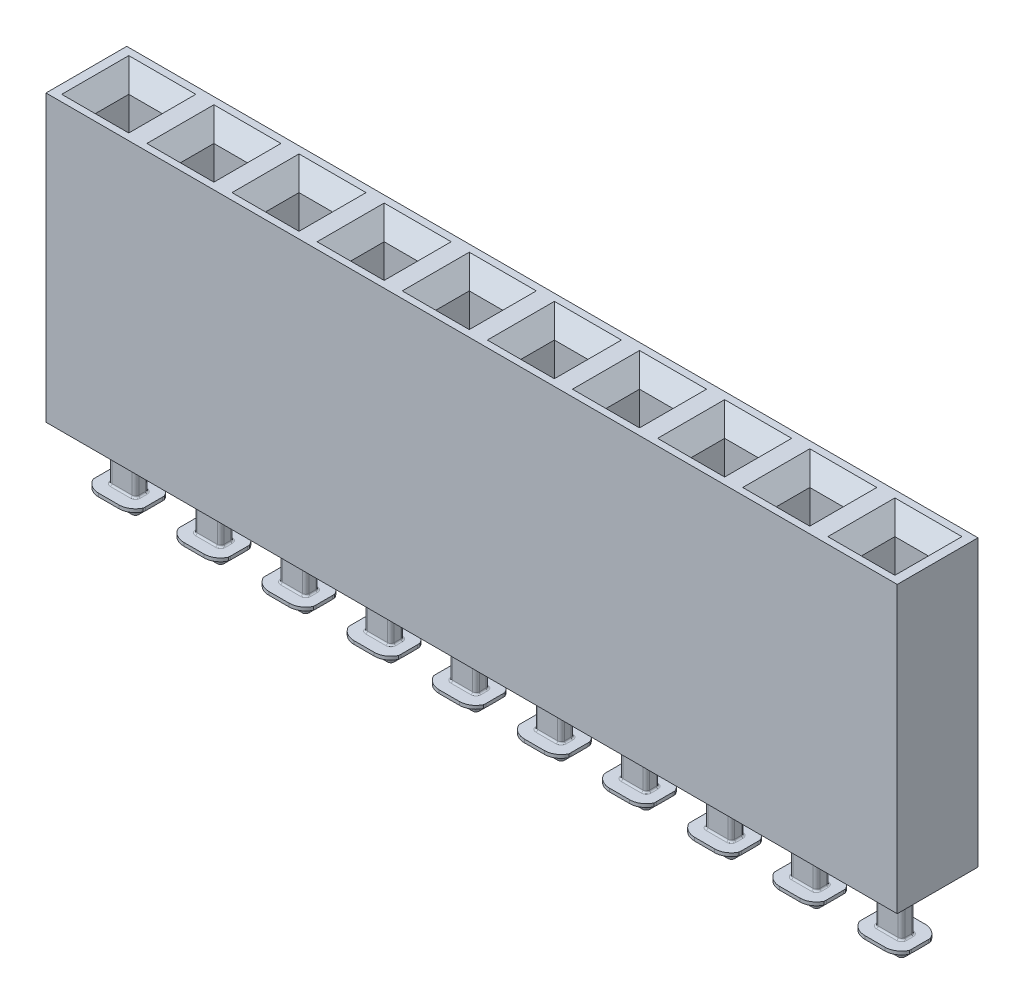
SolidWorks part; units mm, degrees
other "pin"
other "corpo" parameters "D1"=2.41, "D2"=2.41, "D3"=6.4991, "D4"=4.5449
ref_plane "Front Plane" through (0, 0, 0) normal (0, 0, 1) x (1, 0, 0)
ref_plane "Top Plane" through (0, 0, 0) normal (0, 1, 0) x (1, 0, 0)
ref_plane "Right Plane" through (0, 0, 0) normal (1, 0, 0) x (0, 0, -1)
sketch "Sketch1" plane through (0, 0, 0) normal (0, 1, 0) x (1, 0, 0)
  line L1 (-1.27, -1.2) -> (24.13, -1.2)
  line L2 (-1.27, -1.2) -> (-1.27, 1.21)
  line L3 (-1.27, 1.21) -> (24.13, 1.21)
  line L4 (24.13, -1.2) -> (24.13, 1.21)
  dimension "D1" = 2.41
  dimension "D2" = 25.4
  dimension "D3" = 1.21
  dimension "D4" = 1.27
extrude "Boss-Extrude1" add sketch "Sketch1" along normal blind 8.51
sketch "Sketch2" plane through (0, 8.51, 0) normal (0, 1, 0) x (1, 0, 0)
  line L1 (-0.5, 0.5) -> (0.5, 0.5)
  line L2 (-0.5, 0.5) -> (-0.5, -0.5)
  line L3 (-0.5, -0.5) -> (0.5, -0.5)
  line L4 (0.5, 0.5) -> (0.5, -0.5)
  line L5 (-0.5, 0.5) -> (0.5, -0.5) construction
  line L6 (-0.5, -0.5) -> (0.5, 0.5) construction
  point P0 (0, 0)
  dimension "D1" = 1
extrude "Cut-Extrude1" cut sketch "Sketch2" against normal blind 5
chamfer "Chamfer1" distance 0.5 angle 45 4 edges at (0.5, 8.51, 0) (0, 8.51, 0.5) (-0.5, 8.51, 0) (0, 8.51, -0.5)
pattern_linear "LPattern1" count 10 spacing 2.54 along (1, 0, 0) of "Cut-Extrude1", "Chamfer1"
sketch "Sketch3" plane through (0, 0, 0) normal (0, -1, 0) x (1, 0, 0)
  line L1 (-0.4, 0.2) -> (0.4, 0.2)
  line L2 (-0.4, 0.2) -> (-0.4, -0.2)
  line L3 (-0.4, -0.2) -> (0.4, -0.2)
  line L4 (0.4, 0.2) -> (0.4, -0.2)
  line L5 (-0.4, 0.2) -> (0.4, -0.2) construction
  line L6 (-0.4, -0.2) -> (0.4, 0.2) construction
  circle A0 centre (0, 0) radius 0.5 construction
  point P0 (0, 0)
  dimension "D3" = 1
  dimension "D1" = 0.4
  dimension "D2" = 0.8
extrude "Boss-Extrude2" add sketch "Sketch3" along normal blind 2.1 and the other way blind 3.51 separate body
sketch "Sketch6" plane through (0, 3.51, 0) normal (0, 1, 0) x (1, 0, 0)
  line L0 (-0.4, -0.2) -> (0.4, 0.2) construction
  circle A0 centre (0, 0) radius 0.4472
extrude "Cut-Extrude2" cut sketch "Sketch6" against normal through all
pattern_linear "LPattern4" count 10 spacing 2.54 along (1, 0, 0) of "Cut-Extrude2"
sketch "Sketch7" plane through (0, 3.51, 0) normal (0, 1, 0) x (1, 0, 0)
  line L4 (0.5, -0.5) -> (0.5, 0.5)
  line L5 (0.5, 0.5) -> (-0.5, 0.5)
  line L6 (-0.5, 0.5) -> (-0.5, -0.5)
  line L7 (-0.5, -0.5) -> (0.5, -0.5)
  line L8 (0.5, -0.5) -> (0.5, 0.5)
  line L9 (0.5, 0.5) -> (-0.5, 0.5)
  line L10 (-0.5, 0.5) -> (-0.5, -0.5)
  line L11 (-0.5, -0.5) -> (0.5, -0.5)
  dimension "D1" = 0
extrude "Boss-Extrude4" add sketch "Sketch7" along normal blind 0.5
fillet "Fillet3" radius 0.2 4 edges at (0.5, 3.76, -0.5) (-0.5, 3.76, -0.5) (-0.5, 3.76, 0.5) (0.5, 3.76, 0.5)
fillet "Fillet1" radius 0.1 4 edges at (0.4, 0.705, -0.2) (-0.4, 0.705, -0.2) (0.4, 0.705, 0.2) (-0.4, 0.705, 0.2)
sketch "Sketch4" plane through (0, -2.1, 0) normal (0, -1, 0) x (1, 0, 0)
  line L0 (0, -0.25) -> (0, 0.25) construction
  line L1 (-0.75, -0.25) -> (-0.75, 0.25)
  line L2 (0.75, -0.25) -> (0.75, 0.25)
  arc A0 (-0.75, -0.25) -> (0.75, -0.25) centre (0, -0.25) ccw
  arc A1 (0.75, 0.25) -> (-0.75, 0.25) centre (0, 0.25) ccw
  point P2 (0, 0)
  dimension "D1" = 0.5
  dimension "D2" = 1.5
extrude "Boss-Extrude3" add sketch "Sketch4" against normal blind 0.1 from offset 0.35 offset against normal yes
fillet "Fillet2" radius 0.4 6 edges at (0.3707, -1.75, 0.1707) (0.3707, -1.75, -0.1707) (0, -1.75, -0.2) (-0.3707, -1.75, -0.1707) (-0.3707, -1.75, 0.1707) (0, -1.75, 0.2)
fillet "Fillet4" radius 0.05 32 edges at (0.3707, 3.51, 0.1707) (0.4, 3.51, 0) (0.3707, 3.51, -0.1707) (0, 3.51, -0.2) (-0.3707, 3.51, -0.1707) (-0.4, 3.51, 0) (-0.3707, 3.51, 0.1707) (0, 3.51, 0.2) (-0.3707, -1.65, 0.1707) (-0.4, -1.65, 0) (-0.3707, -1.65, -0.1707) (0, -1.65, -0.2) (0.3707, -1.65, -0.1707) (0.4, -1.65, 0) (0.3707, -1.65, 0.1707) (-0.4414, 4.01, 0.4414) (-0.5, 4.01, 0) (-0.4414, 4.01, -0.4414) (0, 4.01, -0.5) (0.4414, 4.01, -0.4414) (0.5, 4.01, 0) (0.4414, 4.01, 0.4414) (-0.4414, 3.51, 0.4414) (-0.5, 3.51, 0) (-0.4414, 3.51, -0.4414) (0, 3.51, -0.5) (0.4414, 3.51, -0.4414) (0.5, 3.51, 0) (0.4414, 3.51, 0.4414) (0, -1.65, 0.2) (0, 4.01, 0.5) (0, 3.51, 0.5)
sketch "Sketch8" plane through (0, -2.1, 0) normal (0, -1, 0) x (1, 0, 0)
  line L3 (0.3, -0.5969) -> (-0.3, -0.5969)
  line L4 (0.3, -0.5969) -> (-0.3, -0.5969)
  line L5 (-0.3, 0.5969) -> (0.3, 0.5969)
  line L6 (-0.3, 0.5969) -> (0.3, 0.5969)
  arc A7 (-0.747, -0.3169) -> (-0.3, -0.5969) centre (-0.3, -0.1) ccw
  arc A8 (-0.747, -0.3169) -> (0.747, -0.3169) centre (0, -0.25) ccw
  arc A9 (0.3, -0.5969) -> (0.747, -0.3169) centre (0.3, -0.1) ccw
  arc A10 (-0.747, -0.3169) -> (-0.3, -0.5969) centre (-0.3, -0.1) ccw
  arc A11 (-0.747, -0.3169) -> (0.747, -0.3169) centre (0, -0.25) ccw
  arc A12 (0.3, -0.5969) -> (0.747, -0.3169) centre (0.3, -0.1) ccw
  arc A13 (0.747, 0.3169) -> (-0.747, 0.3169) centre (0, 0.25) ccw
  arc A14 (-0.3, 0.5969) -> (-0.747, 0.3169) centre (-0.3, 0.1) ccw
  arc A15 (0.747, 0.3169) -> (0.3, 0.5969) centre (0.3, 0.1) ccw
  arc A16 (0.747, 0.3169) -> (-0.747, 0.3169) centre (0, 0.25) ccw
  arc A17 (-0.3, 0.5969) -> (-0.747, 0.3169) centre (-0.3, 0.1) ccw
  arc A18 (0.747, 0.3169) -> (0.3, 0.5969) centre (0.3, 0.1) ccw
  dimension "D1" = 0
  dimension "D2" = 0
extrude "Cut-Extrude3" cut sketch "Sketch8" against normal up to surface (0.45 mm away) up to face at (0, -1.65, 0)
pattern_linear "LPattern5" count 10 spacing 2.54 along (1, 0, 0) of bodies 122 105
equation "\"pin\"= 10"
equation "\"D2@Sketch1\"=\"pin\"*2.54"
equation "\"D1@LPattern1\"=\"pin\""
equation "\"D1@LPattern4\"=\"pin\""
equation "\"D1@LPattern5\"=\"pin\""

:::

What you have to do: Return, from the data above, each line in which the string "equation" appears.

Your response:
equation "\"pin\"= 10"
equation "\"D2@Sketch1\"=\"pin\"*2.54"
equation "\"D1@LPattern1\"=\"pin\""
equation "\"D1@LPattern4\"=\"pin\""
equation "\"D1@LPattern5\"=\"pin\""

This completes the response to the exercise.